(Source data)
════════════════════
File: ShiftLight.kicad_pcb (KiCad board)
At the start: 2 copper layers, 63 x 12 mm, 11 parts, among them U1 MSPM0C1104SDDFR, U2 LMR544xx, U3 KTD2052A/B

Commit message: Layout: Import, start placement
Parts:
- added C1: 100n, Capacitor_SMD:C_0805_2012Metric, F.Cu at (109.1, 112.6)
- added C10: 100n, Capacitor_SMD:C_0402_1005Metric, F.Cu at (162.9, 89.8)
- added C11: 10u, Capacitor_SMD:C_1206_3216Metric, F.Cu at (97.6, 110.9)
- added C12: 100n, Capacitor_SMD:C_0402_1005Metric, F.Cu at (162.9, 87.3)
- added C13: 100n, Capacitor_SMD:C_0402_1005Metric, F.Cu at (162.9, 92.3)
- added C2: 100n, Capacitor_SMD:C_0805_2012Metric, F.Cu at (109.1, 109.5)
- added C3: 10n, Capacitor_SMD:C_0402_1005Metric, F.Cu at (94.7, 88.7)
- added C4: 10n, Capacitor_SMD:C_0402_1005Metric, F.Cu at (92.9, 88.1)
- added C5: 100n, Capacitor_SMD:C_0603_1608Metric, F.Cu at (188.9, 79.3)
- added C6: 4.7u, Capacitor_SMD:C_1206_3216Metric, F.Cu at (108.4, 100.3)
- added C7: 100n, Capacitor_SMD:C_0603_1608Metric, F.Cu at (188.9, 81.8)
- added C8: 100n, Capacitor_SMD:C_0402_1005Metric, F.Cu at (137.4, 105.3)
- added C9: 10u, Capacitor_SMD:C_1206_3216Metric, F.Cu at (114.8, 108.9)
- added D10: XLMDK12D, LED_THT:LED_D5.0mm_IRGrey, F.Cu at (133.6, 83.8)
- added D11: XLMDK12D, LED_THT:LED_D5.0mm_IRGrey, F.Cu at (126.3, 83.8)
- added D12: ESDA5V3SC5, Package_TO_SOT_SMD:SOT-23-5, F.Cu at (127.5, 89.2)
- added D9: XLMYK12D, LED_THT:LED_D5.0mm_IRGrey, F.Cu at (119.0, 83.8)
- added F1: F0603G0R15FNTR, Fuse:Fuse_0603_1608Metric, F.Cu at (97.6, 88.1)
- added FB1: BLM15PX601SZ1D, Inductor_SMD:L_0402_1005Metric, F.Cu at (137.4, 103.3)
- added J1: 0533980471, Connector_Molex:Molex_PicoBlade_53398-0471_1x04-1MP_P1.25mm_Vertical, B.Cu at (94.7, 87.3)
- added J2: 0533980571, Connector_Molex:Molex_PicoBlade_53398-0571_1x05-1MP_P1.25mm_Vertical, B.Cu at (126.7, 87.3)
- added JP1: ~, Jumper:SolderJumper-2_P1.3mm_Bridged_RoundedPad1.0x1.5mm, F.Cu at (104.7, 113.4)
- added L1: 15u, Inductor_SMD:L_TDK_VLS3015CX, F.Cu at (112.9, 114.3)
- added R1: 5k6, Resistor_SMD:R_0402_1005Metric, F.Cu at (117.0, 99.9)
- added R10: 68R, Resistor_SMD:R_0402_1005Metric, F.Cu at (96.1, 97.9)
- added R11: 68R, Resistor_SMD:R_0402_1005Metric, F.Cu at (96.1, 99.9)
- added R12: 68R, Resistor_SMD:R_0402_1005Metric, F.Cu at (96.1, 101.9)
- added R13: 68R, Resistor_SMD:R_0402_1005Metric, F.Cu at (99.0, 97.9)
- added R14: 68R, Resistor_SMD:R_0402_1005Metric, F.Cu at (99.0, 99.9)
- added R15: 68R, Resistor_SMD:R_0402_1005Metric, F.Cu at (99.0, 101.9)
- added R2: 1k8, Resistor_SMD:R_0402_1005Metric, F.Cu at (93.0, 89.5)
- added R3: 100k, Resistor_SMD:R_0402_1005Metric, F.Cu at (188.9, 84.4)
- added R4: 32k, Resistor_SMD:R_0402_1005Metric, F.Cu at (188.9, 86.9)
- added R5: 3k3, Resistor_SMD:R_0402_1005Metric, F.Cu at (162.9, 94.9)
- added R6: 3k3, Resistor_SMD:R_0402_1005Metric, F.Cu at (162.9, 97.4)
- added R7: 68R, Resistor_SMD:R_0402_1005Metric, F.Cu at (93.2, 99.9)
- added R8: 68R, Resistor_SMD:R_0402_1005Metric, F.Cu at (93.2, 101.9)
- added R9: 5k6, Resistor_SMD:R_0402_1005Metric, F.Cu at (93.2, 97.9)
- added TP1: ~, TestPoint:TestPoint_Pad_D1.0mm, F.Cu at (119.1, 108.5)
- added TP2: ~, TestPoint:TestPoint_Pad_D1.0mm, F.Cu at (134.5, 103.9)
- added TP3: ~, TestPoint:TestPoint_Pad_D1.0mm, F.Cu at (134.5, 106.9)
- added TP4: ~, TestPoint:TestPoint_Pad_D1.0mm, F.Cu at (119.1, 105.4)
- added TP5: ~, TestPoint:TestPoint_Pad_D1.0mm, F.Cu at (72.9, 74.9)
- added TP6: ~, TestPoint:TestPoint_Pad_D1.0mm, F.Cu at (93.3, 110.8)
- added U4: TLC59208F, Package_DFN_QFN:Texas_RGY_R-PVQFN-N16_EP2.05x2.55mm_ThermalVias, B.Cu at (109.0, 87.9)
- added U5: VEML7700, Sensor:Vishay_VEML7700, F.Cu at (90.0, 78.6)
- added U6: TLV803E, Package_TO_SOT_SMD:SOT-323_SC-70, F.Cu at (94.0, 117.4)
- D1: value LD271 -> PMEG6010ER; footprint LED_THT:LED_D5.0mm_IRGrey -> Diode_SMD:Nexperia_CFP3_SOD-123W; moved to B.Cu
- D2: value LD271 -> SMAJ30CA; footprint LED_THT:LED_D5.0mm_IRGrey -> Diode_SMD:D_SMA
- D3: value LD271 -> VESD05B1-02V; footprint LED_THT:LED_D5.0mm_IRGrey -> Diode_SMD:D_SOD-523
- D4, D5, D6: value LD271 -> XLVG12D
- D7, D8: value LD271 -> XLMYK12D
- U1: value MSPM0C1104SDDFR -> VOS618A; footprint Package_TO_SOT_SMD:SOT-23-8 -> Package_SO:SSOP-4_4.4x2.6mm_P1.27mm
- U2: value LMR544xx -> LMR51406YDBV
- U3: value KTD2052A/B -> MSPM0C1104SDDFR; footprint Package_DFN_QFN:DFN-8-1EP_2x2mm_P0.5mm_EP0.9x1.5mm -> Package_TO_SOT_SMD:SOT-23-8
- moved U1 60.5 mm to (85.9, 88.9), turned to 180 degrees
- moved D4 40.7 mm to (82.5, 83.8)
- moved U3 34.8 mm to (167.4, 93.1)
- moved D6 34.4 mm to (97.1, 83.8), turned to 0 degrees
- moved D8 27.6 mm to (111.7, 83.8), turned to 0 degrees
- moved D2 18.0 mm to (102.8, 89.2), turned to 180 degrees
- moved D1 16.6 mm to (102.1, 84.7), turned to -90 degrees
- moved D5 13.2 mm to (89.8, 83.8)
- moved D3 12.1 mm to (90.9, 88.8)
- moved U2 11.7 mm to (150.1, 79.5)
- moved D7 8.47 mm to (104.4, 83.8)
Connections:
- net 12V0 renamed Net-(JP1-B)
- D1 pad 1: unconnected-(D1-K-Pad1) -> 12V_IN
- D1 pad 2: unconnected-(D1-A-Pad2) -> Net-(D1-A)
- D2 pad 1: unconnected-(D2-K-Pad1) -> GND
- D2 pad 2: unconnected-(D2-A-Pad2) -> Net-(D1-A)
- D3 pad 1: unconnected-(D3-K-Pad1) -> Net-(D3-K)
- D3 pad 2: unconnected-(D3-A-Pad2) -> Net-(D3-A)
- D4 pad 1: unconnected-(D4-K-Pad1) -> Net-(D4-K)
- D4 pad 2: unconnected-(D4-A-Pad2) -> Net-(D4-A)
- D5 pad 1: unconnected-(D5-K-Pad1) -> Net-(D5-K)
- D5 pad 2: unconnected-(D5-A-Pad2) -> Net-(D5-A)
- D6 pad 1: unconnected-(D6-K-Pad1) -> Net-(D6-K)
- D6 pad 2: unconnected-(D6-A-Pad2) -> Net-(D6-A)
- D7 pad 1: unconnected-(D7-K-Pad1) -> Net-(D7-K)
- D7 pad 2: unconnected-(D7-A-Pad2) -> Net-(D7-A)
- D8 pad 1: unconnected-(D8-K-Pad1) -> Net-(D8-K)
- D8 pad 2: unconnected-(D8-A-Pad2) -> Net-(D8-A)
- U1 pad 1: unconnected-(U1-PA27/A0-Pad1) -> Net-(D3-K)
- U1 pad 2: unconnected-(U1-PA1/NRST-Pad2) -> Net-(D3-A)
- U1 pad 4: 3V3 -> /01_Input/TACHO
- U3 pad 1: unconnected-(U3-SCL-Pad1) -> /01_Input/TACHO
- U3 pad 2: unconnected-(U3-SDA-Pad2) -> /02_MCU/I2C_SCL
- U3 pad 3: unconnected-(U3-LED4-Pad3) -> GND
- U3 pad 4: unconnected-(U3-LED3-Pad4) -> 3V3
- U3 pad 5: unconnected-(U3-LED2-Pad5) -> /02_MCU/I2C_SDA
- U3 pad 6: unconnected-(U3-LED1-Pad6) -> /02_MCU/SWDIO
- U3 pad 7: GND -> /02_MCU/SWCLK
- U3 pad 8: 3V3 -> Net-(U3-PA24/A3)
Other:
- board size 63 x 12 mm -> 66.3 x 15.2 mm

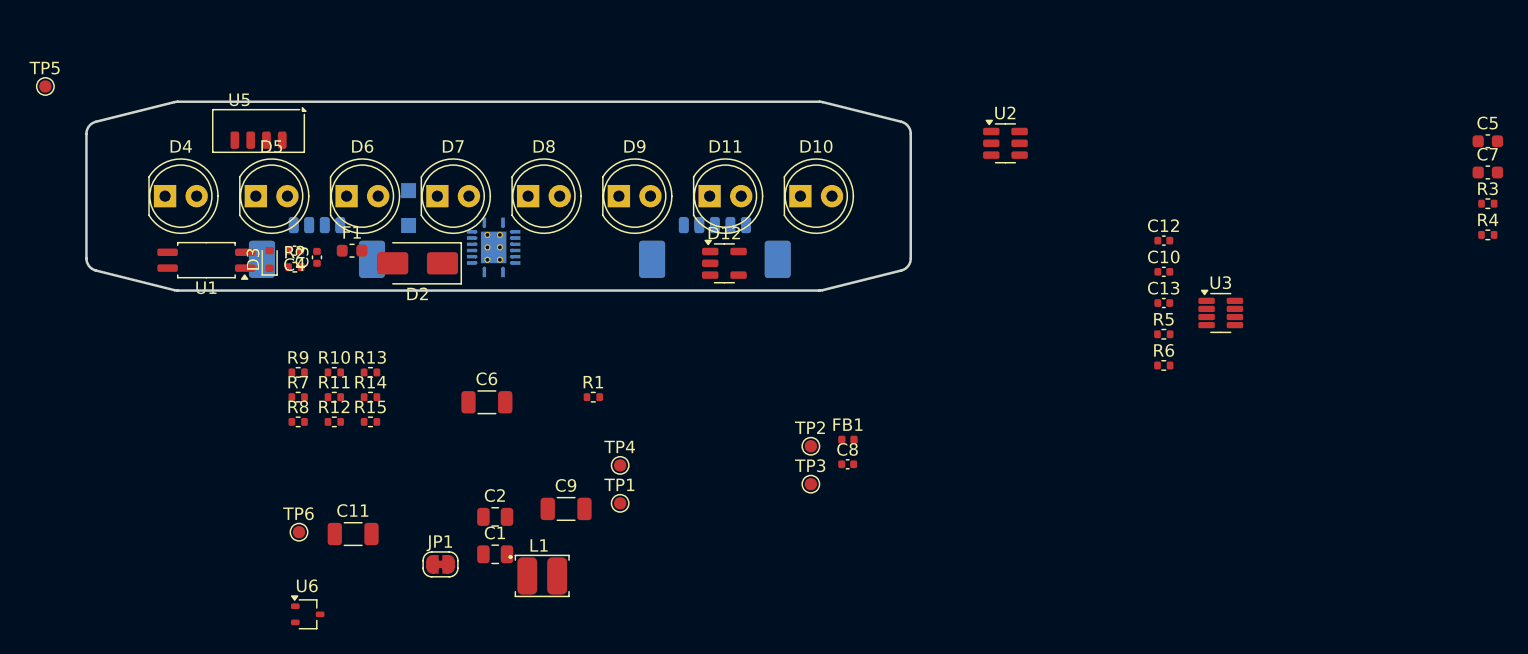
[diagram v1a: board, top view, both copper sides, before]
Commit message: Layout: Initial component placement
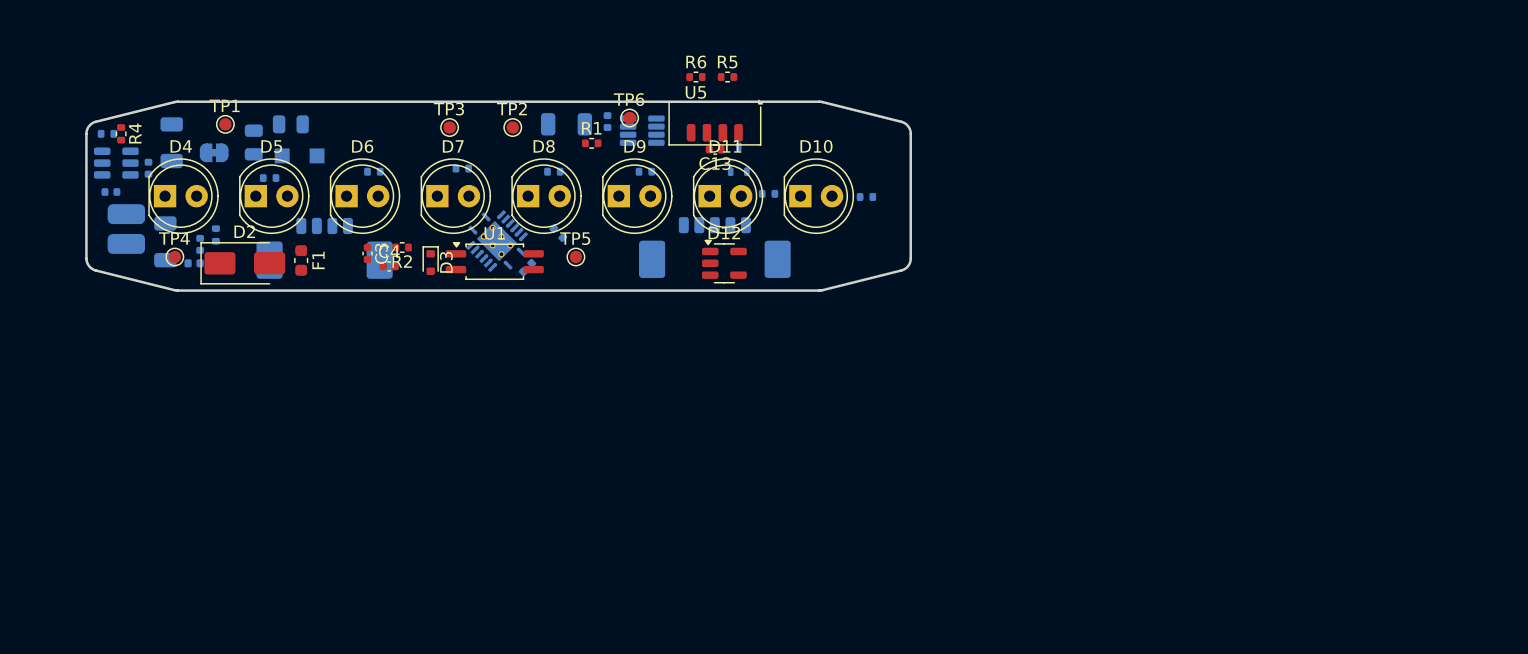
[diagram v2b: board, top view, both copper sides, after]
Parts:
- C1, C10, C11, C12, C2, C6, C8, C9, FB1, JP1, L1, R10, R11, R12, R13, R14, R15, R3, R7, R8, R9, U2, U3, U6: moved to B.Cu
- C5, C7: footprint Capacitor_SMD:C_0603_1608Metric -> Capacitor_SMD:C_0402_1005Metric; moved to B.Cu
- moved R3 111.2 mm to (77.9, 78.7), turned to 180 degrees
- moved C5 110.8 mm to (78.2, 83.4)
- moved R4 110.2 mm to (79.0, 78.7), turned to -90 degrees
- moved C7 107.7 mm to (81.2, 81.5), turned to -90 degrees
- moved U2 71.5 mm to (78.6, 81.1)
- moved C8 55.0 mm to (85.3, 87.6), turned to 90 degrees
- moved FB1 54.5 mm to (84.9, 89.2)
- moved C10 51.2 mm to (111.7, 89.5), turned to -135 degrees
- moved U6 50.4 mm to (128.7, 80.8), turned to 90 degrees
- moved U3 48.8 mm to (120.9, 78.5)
════════════════════
• [EXERCISE REQUIREMENTS] All that is wanted is the run of lines from the start of the data through the line containing "- added F1: F0603G0R15FNTR, Fuse:Fuse_0603_1608Metric, F.Cu", copied word for word.

• [SOLUTION BELOW]
File: ShiftLight.kicad_pcb (KiCad board)
At the start: 2 copper layers, 63 x 12 mm, 11 parts, among them U1 MSPM0C1104SDDFR, U2 LMR544xx, U3 KTD2052A/B

Commit message: Layout: Import, start placement
Parts:
- added C1: 100n, Capacitor_SMD:C_0805_2012Metric, F.Cu at (109.1, 112.6)
- added C10: 100n, Capacitor_SMD:C_0402_1005Metric, F.Cu at (162.9, 89.8)
- added C11: 10u, Capacitor_SMD:C_1206_3216Metric, F.Cu at (97.6, 110.9)
- added C12: 100n, Capacitor_SMD:C_0402_1005Metric, F.Cu at (162.9, 87.3)
- added C13: 100n, Capacitor_SMD:C_0402_1005Metric, F.Cu at (162.9, 92.3)
- added C2: 100n, Capacitor_SMD:C_0805_2012Metric, F.Cu at (109.1, 109.5)
- added C3: 10n, Capacitor_SMD:C_0402_1005Metric, F.Cu at (94.7, 88.7)
- added C4: 10n, Capacitor_SMD:C_0402_1005Metric, F.Cu at (92.9, 88.1)
- added C5: 100n, Capacitor_SMD:C_0603_1608Metric, F.Cu at (188.9, 79.3)
- added C6: 4.7u, Capacitor_SMD:C_1206_3216Metric, F.Cu at (108.4, 100.3)
- added C7: 100n, Capacitor_SMD:C_0603_1608Metric, F.Cu at (188.9, 81.8)
- added C8: 100n, Capacitor_SMD:C_0402_1005Metric, F.Cu at (137.4, 105.3)
- added C9: 10u, Capacitor_SMD:C_1206_3216Metric, F.Cu at (114.8, 108.9)
- added D10: XLMDK12D, LED_THT:LED_D5.0mm_IRGrey, F.Cu at (133.6, 83.8)
- added D11: XLMDK12D, LED_THT:LED_D5.0mm_IRGrey, F.Cu at (126.3, 83.8)
- added D12: ESDA5V3SC5, Package_TO_SOT_SMD:SOT-23-5, F.Cu at (127.5, 89.2)
- added D9: XLMYK12D, LED_THT:LED_D5.0mm_IRGrey, F.Cu at (119.0, 83.8)
- added F1: F0603G0R15FNTR, Fuse:Fuse_0603_1608Metric, F.Cu at (97.6, 88.1)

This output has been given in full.